# [WHAT YOU HAVE TO DO]
Print each line of the material again, keeping everything exact.

# [PROVIDED RECORDS]
★ ★ ★ ★
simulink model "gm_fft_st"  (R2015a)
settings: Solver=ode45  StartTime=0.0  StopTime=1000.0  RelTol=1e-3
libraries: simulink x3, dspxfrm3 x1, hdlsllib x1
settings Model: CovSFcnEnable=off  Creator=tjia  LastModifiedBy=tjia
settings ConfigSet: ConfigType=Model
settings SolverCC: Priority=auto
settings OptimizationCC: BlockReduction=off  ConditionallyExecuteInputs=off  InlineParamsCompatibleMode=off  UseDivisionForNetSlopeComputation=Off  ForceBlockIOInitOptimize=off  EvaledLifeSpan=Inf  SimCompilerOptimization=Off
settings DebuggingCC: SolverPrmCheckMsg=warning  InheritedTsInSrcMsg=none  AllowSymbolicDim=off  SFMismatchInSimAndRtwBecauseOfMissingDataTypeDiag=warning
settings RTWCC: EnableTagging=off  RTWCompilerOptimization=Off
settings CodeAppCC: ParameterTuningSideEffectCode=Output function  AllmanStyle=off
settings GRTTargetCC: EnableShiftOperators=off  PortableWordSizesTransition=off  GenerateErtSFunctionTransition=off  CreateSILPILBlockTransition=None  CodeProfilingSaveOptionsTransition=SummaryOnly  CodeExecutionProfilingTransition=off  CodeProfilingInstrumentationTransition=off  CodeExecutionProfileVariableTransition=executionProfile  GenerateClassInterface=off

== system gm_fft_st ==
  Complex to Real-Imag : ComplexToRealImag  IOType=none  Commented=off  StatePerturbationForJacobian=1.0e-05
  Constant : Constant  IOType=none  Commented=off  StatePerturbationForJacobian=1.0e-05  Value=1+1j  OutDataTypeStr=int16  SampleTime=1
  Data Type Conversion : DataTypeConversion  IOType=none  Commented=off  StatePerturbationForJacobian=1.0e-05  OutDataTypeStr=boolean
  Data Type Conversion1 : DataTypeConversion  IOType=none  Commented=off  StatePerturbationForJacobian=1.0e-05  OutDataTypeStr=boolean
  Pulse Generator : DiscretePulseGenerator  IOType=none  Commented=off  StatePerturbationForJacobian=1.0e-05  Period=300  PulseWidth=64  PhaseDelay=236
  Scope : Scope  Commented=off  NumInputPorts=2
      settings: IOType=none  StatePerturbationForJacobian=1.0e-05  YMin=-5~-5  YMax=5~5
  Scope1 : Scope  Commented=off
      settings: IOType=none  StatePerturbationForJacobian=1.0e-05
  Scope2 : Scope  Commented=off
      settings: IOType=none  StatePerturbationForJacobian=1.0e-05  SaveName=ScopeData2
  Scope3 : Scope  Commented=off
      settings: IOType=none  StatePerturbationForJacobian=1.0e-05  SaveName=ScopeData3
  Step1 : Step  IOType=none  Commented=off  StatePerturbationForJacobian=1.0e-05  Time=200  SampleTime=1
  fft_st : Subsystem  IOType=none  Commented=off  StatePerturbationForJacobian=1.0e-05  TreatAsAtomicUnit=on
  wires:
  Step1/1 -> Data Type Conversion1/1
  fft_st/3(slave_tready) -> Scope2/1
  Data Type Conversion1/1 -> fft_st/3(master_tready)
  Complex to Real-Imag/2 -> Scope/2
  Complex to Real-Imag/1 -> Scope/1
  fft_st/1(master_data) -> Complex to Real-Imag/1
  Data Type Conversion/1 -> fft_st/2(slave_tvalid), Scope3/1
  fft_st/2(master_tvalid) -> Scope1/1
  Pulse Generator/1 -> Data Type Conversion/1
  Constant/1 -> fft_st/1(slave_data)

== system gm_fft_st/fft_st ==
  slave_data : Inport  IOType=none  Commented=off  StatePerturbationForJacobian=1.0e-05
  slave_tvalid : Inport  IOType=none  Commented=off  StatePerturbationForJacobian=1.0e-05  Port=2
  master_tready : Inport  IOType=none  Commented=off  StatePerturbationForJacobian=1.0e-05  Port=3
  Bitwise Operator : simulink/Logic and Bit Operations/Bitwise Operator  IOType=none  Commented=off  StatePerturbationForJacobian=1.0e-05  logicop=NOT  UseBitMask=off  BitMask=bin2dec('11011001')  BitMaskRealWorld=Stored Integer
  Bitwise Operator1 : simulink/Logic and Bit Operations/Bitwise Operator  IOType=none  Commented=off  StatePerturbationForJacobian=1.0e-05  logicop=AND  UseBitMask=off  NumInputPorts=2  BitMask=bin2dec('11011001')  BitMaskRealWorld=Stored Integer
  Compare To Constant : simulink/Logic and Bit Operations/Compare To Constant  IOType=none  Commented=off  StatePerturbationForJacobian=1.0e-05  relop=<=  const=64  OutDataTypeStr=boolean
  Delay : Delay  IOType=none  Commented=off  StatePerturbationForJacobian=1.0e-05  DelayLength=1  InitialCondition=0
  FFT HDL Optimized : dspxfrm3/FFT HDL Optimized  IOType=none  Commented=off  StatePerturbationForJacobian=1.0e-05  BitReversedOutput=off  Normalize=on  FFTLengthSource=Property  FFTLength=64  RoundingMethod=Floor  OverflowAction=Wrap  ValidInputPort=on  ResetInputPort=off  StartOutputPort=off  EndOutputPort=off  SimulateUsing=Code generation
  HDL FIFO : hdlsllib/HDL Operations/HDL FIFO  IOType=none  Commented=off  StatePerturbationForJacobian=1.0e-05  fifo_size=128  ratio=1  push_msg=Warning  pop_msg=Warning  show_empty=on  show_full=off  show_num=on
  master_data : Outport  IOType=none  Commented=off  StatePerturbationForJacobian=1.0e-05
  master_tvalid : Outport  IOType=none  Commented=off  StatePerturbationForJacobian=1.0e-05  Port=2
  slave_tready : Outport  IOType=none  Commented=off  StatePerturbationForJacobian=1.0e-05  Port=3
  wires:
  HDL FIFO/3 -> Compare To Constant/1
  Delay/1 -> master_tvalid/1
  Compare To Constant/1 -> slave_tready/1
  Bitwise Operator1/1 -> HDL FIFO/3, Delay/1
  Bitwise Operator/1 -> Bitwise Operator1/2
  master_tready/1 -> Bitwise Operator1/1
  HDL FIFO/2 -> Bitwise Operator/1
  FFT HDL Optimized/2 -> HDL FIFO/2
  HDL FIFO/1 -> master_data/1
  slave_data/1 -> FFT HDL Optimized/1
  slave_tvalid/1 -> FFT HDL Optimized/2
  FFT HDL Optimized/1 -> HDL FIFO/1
★ ★ ★ ★
# [RESULT OF THIS EXERCISE]
simulink model "gm_fft_st"  (R2015a)
settings: Solver=ode45  StartTime=0.0  StopTime=1000.0  RelTol=1e-3
libraries: simulink x3, dspxfrm3 x1, hdlsllib x1
settings Model: CovSFcnEnable=off  Creator=tjia  LastModifiedBy=tjia
settings ConfigSet: ConfigType=Model
settings SolverCC: Priority=auto
settings OptimizationCC: BlockReduction=off  ConditionallyExecuteInputs=off  InlineParamsCompatibleMode=off  UseDivisionForNetSlopeComputation=Off  ForceBlockIOInitOptimize=off  EvaledLifeSpan=Inf  SimCompilerOptimization=Off
settings DebuggingCC: SolverPrmCheckMsg=warning  InheritedTsInSrcMsg=none  AllowSymbolicDim=off  SFMismatchInSimAndRtwBecauseOfMissingDataTypeDiag=warning
settings RTWCC: EnableTagging=off  RTWCompilerOptimization=Off
settings CodeAppCC: ParameterTuningSideEffectCode=Output function  AllmanStyle=off
settings GRTTargetCC: EnableShiftOperators=off  PortableWordSizesTransition=off  GenerateErtSFunctionTransition=off  CreateSILPILBlockTransition=None  CodeProfilingSaveOptionsTransition=SummaryOnly  CodeExecutionProfilingTransition=off  CodeProfilingInstrumentationTransition=off  CodeExecutionProfileVariableTransition=executionProfile  GenerateClassInterface=off

== system gm_fft_st ==
  Complex to Real-Imag : ComplexToRealImag  IOType=none  Commented=off  StatePerturbationForJacobian=1.0e-05
  Constant : Constant  IOType=none  Commented=off  StatePerturbationForJacobian=1.0e-05  Value=1+1j  OutDataTypeStr=int16  SampleTime=1
  Data Type Conversion : DataTypeConversion  IOType=none  Commented=off  StatePerturbationForJacobian=1.0e-05  OutDataTypeStr=boolean
  Data Type Conversion1 : DataTypeConversion  IOType=none  Commented=off  StatePerturbationForJacobian=1.0e-05  OutDataTypeStr=boolean
  Pulse Generator : DiscretePulseGenerator  IOType=none  Commented=off  StatePerturbationForJacobian=1.0e-05  Period=300  PulseWidth=64  PhaseDelay=236
  Scope : Scope  Commented=off  NumInputPorts=2
      settings: IOType=none  StatePerturbationForJacobian=1.0e-05  YMin=-5~-5  YMax=5~5
  Scope1 : Scope  Commented=off
      settings: IOType=none  StatePerturbationForJacobian=1.0e-05
  Scope2 : Scope  Commented=off
      settings: IOType=none  StatePerturbationForJacobian=1.0e-05  SaveName=ScopeData2
  Scope3 : Scope  Commented=off
      settings: IOType=none  StatePerturbationForJacobian=1.0e-05  SaveName=ScopeData3
  Step1 : Step  IOType=none  Commented=off  StatePerturbationForJacobian=1.0e-05  Time=200  SampleTime=1
  fft_st : Subsystem  IOType=none  Commented=off  StatePerturbationForJacobian=1.0e-05  TreatAsAtomicUnit=on
  wires:
  Step1/1 -> Data Type Conversion1/1
  fft_st/3(slave_tready) -> Scope2/1
  Data Type Conversion1/1 -> fft_st/3(master_tready)
  Complex to Real-Imag/2 -> Scope/2
  Complex to Real-Imag/1 -> Scope/1
  fft_st/1(master_data) -> Complex to Real-Imag/1
  Data Type Conversion/1 -> fft_st/2(slave_tvalid), Scope3/1
  fft_st/2(master_tvalid) -> Scope1/1
  Pulse Generator/1 -> Data Type Conversion/1
  Constant/1 -> fft_st/1(slave_data)

== system gm_fft_st/fft_st ==
  slave_data : Inport  IOType=none  Commented=off  StatePerturbationForJacobian=1.0e-05
  slave_tvalid : Inport  IOType=none  Commented=off  StatePerturbationForJacobian=1.0e-05  Port=2
  master_tready : Inport  IOType=none  Commented=off  StatePerturbationForJacobian=1.0e-05  Port=3
  Bitwise Operator : simulink/Logic and Bit Operations/Bitwise Operator  IOType=none  Commented=off  StatePerturbationForJacobian=1.0e-05  logicop=NOT  UseBitMask=off  BitMask=bin2dec('11011001')  BitMaskRealWorld=Stored Integer
  Bitwise Operator1 : simulink/Logic and Bit Operations/Bitwise Operator  IOType=none  Commented=off  StatePerturbationForJacobian=1.0e-05  logicop=AND  UseBitMask=off  NumInputPorts=2  BitMask=bin2dec('11011001')  BitMaskRealWorld=Stored Integer
  Compare To Constant : simulink/Logic and Bit Operations/Compare To Constant  IOType=none  Commented=off  StatePerturbationForJacobian=1.0e-05  relop=<=  const=64  OutDataTypeStr=boolean
  Delay : Delay  IOType=none  Commented=off  StatePerturbationForJacobian=1.0e-05  DelayLength=1  InitialCondition=0
  FFT HDL Optimized : dspxfrm3/FFT HDL Optimized  IOType=none  Commented=off  StatePerturbationForJacobian=1.0e-05  BitReversedOutput=off  Normalize=on  FFTLengthSource=Property  FFTLength=64  RoundingMethod=Floor  OverflowAction=Wrap  ValidInputPort=on  ResetInputPort=off  StartOutputPort=off  EndOutputPort=off  SimulateUsing=Code generation
  HDL FIFO : hdlsllib/HDL Operations/HDL FIFO  IOType=none  Commented=off  StatePerturbationForJacobian=1.0e-05  fifo_size=128  ratio=1  push_msg=Warning  pop_msg=Warning  show_empty=on  show_full=off  show_num=on
  master_data : Outport  IOType=none  Commented=off  StatePerturbationForJacobian=1.0e-05
  master_tvalid : Outport  IOType=none  Commented=off  StatePerturbationForJacobian=1.0e-05  Port=2
  slave_tready : Outport  IOType=none  Commented=off  StatePerturbationForJacobian=1.0e-05  Port=3
  wires:
  HDL FIFO/3 -> Compare To Constant/1
  Delay/1 -> master_tvalid/1
  Compare To Constant/1 -> slave_tready/1
  Bitwise Operator1/1 -> HDL FIFO/3, Delay/1
  Bitwise Operator/1 -> Bitwise Operator1/2
  master_tready/1 -> Bitwise Operator1/1
  HDL FIFO/2 -> Bitwise Operator/1
  FFT HDL Optimized/2 -> HDL FIFO/2
  HDL FIFO/1 -> master_data/1
  slave_data/1 -> FFT HDL Optimized/1
  slave_tvalid/1 -> FFT HDL Optimized/2
  FFT HDL Optimized/1 -> HDL FIFO/1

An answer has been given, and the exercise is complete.